“Namus, haysiyet, şeref ve vicdan, genel ahlâk ve meslek ahlâkı kurallarına göre değerlendirilen, insanın hem başkalarının, hem de kendi gözündeki yerini belirleyen kavramlardır.
* * *
Emirle veya çıkarı için, inandığının tersine oy veren
politikacı…
Emirle veya çıkarı için, suç olduğuna inanmadığı halde,
dava açan, gerekmediği halde tutuklama isteyen ve yapan, insanları
haksız yere hapse atan, cezalandıran, özgürlüklerinden mahrum eden
adalet mensubu…
Emirle veya çıkarı için, gerçeklere aykırı
yalan haber yazan, manşet atan, yorum yapan, insanların
kişiliklerini haksız yere karalayan, efendilerini göklere çıkaran
medya mensubu…
Namussuzdur,
Haysiyetsizdir,
Şerefsizdir,
Vicdansızdır…
* * *
Ben her zaman, insanların asgari ahlâk sahibi olduklarına,
politikacıların, adalet mensuplarının ve medya çalışanlarının
da (bütün öteki meslek mensupları gibi) meslek ahlâklarına
asgari ölçüde bağlı olduklarına inandım.
Halâ da inanıyorum.
* * *
Ama çevreme baktığımda, topluma en üst düzeyde hizmet etme
mesleği olan politikacılar arasına…
Hepimizin güvencesi olan, canımızı, malımızı, özgürlüğümüzü devlete
ve başkalarına karşı koruyan adalet mensupları arasına…

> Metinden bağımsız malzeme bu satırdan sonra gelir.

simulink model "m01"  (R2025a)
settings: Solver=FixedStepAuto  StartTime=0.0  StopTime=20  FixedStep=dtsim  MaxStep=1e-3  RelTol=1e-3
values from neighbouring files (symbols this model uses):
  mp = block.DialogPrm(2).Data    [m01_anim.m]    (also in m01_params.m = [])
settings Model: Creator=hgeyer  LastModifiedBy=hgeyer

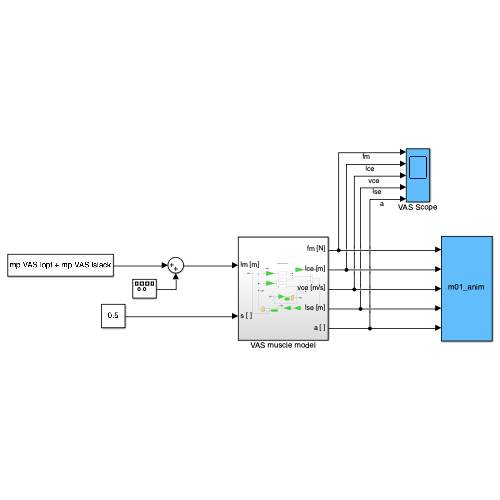
[thumbnail: Simulink's stored preview of the top-level diagram]
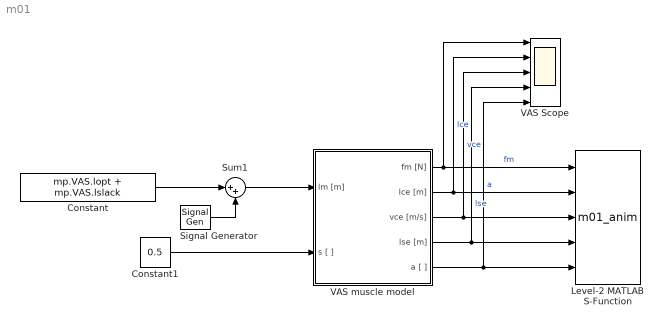
== system m01 ==
  Constant : Constant  Value=mp.VAS.lopt + mp.VAS.lslack
  Constant1 : Constant  Value=0.5
  Level-2 MATLAB S-Function : M-S-Function  FunctionName=m01_anim  Parameters=rtf_anim, mp
  Signal Generator : SignalGenerator  Amplitude=0.3 * mp.VAS.lopt  Frequency=0.5
  Sum1 : Sum  Inputs=|++
  VAS Scope : Scope  NumInputPorts=5
      settings: ActiveDisplayYMinimum=-526.76194095868971  ActiveDisplayYMaximum=4740.8574686282082
  VAS muscle model : Subsystem
  wires:
  VAS muscle model/1(fm [N]) -> VAS Scope/1, Level-2 MATLAB S-Function/1  "fm"
  VAS muscle model/2(lce [m]) -> VAS Scope/2, Level-2 MATLAB S-Function/2  "lce"
  VAS muscle model/3(vce [m/s]) -> VAS Scope/3, Level-2 MATLAB S-Function/3  "vce"
  VAS muscle model/4(lse [m]) -> VAS Scope/4, Level-2 MATLAB S-Function/4  "lse"
  VAS muscle model/5(a [ ]) -> VAS Scope/5, Level-2 MATLAB S-Function/5  "a"
  Constant1/1 -> VAS muscle model/2(s [ ])
  Constant/1 -> Sum1/1
  Sum1/1 -> VAS muscle model/1(lm [m])
  Signal Generator/1 -> Sum1/2

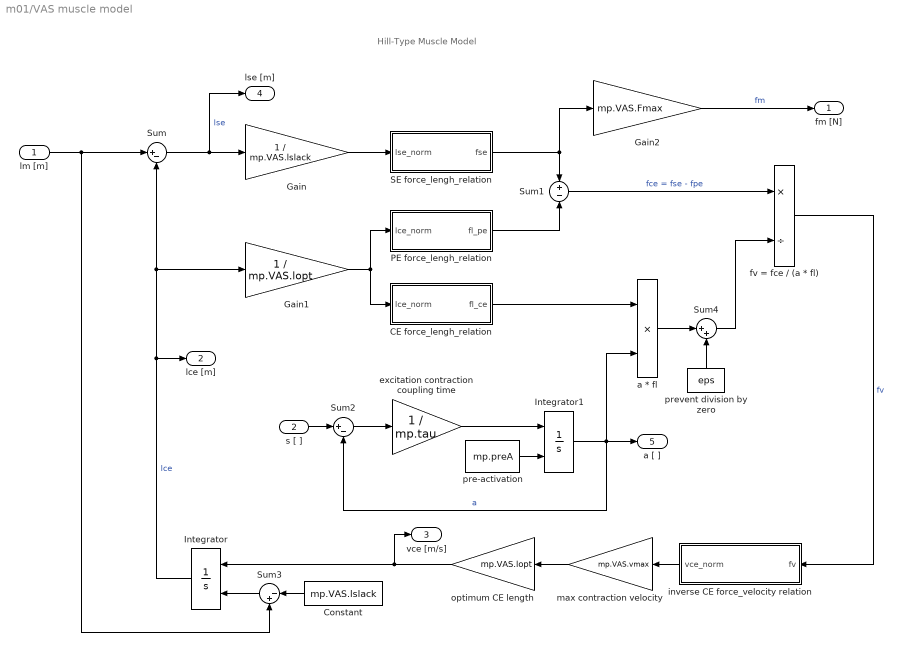
== system m01/VAS muscle model ==
  note: Hill-Type Muscle Model
  lm [m] : Inport
  s [ ] : Inport  Port=2
  CE force_lengh_relation : MATLAB Function  TreatAsAtomicUnit=on
  Constant : Constant  Value=mp.VAS.lslack
  Gain : Gain  Gain=1 / mp.VAS.lslack
  Gain1 : Gain  Gain=1 / mp.VAS.lopt
  Gain2 : Gain  Gain=mp.VAS.Fmax
  Integrator : Integrator  InitialConditionSource=external
  Integrator1 : Integrator  InitialConditionSource=external
  PE force_lengh_relation : MATLAB Function  TreatAsAtomicUnit=on
  SE force_lengh_relation : MATLAB Function  TreatAsAtomicUnit=on
  Sum : Sum  Inputs=|+-
  Sum1 : Sum  Inputs=+-
  Sum2 : Sum  Inputs=|+-
  Sum3 : Sum  Inputs=|-+
  Sum4 : Sum  Inputs=|++
  a * fl : Product  Inputs=**
  excitation contraction coupling time : Gain  Gain=1 / mp.tau
  fv = fce / (a * fl) : Product  Inputs=*/
  inverse CE force_velocity relation : MATLAB Function  TreatAsAtomicUnit=on
  max contraction velocity : Gain  Gain=mp.VAS.vmax
  optimum CE length : Gain  Gain=mp.VAS.lopt
  pre-activation : Constant  Value=mp.preA
  prevent division by zero : Constant  Value=eps
  fm [N] : Outport
  lce [m] : Outport  Port=2
  vce [m/s] : Outport  Port=3
  lse [m] : Outport  Port=4
  a [ ] : Outport  Port=5
  wires:
  Gain2/1 -> fm [N]/1  "fm"
  optimum CE length/1 -> vce [m/s]/1, Integrator/1
  a * fl/1 -> Sum4/1
  Sum2/1 -> excitation contraction coupling time/1
  Gain/1 -> SE force_lengh_relation/1(lse_norm)
  s [ ]/1 -> Sum2/1
  fv = fce / (a * fl)/1 -> inverse CE force_velocity relation/1(fv)  "fv"
  inverse CE force_velocity relation/1(vce_norm) -> max contraction velocity/1
  Sum/1 -> lse [m]/1, Gain/1  "lse"
  Integrator/1 -> lce [m]/1, Gain1/1, Sum/2  "lce"
  SE force_lengh_relation/1(fse) -> Gain2/1, Sum1/1
  PE force_lengh_relation/1(fl_pe) -> Sum1/2
  max contraction velocity/1 -> optimum CE length/1
  Sum3/1 -> Integrator/2
  pre-activation/1 -> Integrator1/2
  CE force_lengh_relation/1(fl_ce) -> a * fl/1
  lm [m]/1 -> Sum3/2, Sum/1
  Sum4/1 -> fv = fce / (a * fl)/2
  Constant/1 -> Sum3/1
  prevent division by zero/1 -> Sum4/2
  excitation contraction coupling time/1 -> Integrator1/1
  Gain1/1 -> CE force_lengh_relation/1(lce_norm), PE force_lengh_relation/1(lce_norm)
  Integrator1/1 -> a [ ]/1, Sum2/2, a * fl/2  "a"
  Sum1/1 -> fv = fce / (a * fl)/1  "fce = fse - fpe"

== matlab function m01/VAS muscle model/SE force_lengh_relation ==
  data: lse_norm input; fse output; mp parameter
function fse = fcn(lse_norm, mp)
% wraps force length relation of series elasticity

fse = SE_force_length_relation(lse_norm, mp);

== matlab function m01/VAS muscle model/PE force_lengh_relation ==
  data: lce_norm input; fl_pe output; mp parameter
function fl_pe = fcn(lce_norm, mp)
% wraps force length relation of parallel elasticity

fl_pe = PE_force_length_relation(lce_norm, mp);

== matlab function m01/VAS muscle model/inverse CE force_velocity relation ==
  data: fv input; vce_norm output; mp parameter
function vce_norm = fcn(fv, mp)
% wraps inverse force velocity relation of contractile element

vce_norm = CE_inverse_force_velocity_relation(fv, mp);

== matlab function m01/VAS muscle model/CE force_lengh_relation ==
  data: lce_norm input; fl_ce output; mp parameter
function fl_ce = fcn(lce_norm, mp)
% wraps force length relation of contractile element

fl_ce = CE_force_length_relation(lce_norm, mp);

Görevi topluma doğru haber ve bilgi vermek olan medya mensupları
arasına…
Namussuz, haysiyetsiz, şerefsiz ve vicdansız olanların da
sızdığını, bu nedenle de toplumda siyasete, adalete ve medyaya
güvenin azalmakta olduğunu gözlemliyor ve hem toplum, hem de bu
meslekler adına çok kaygı duyuyorum.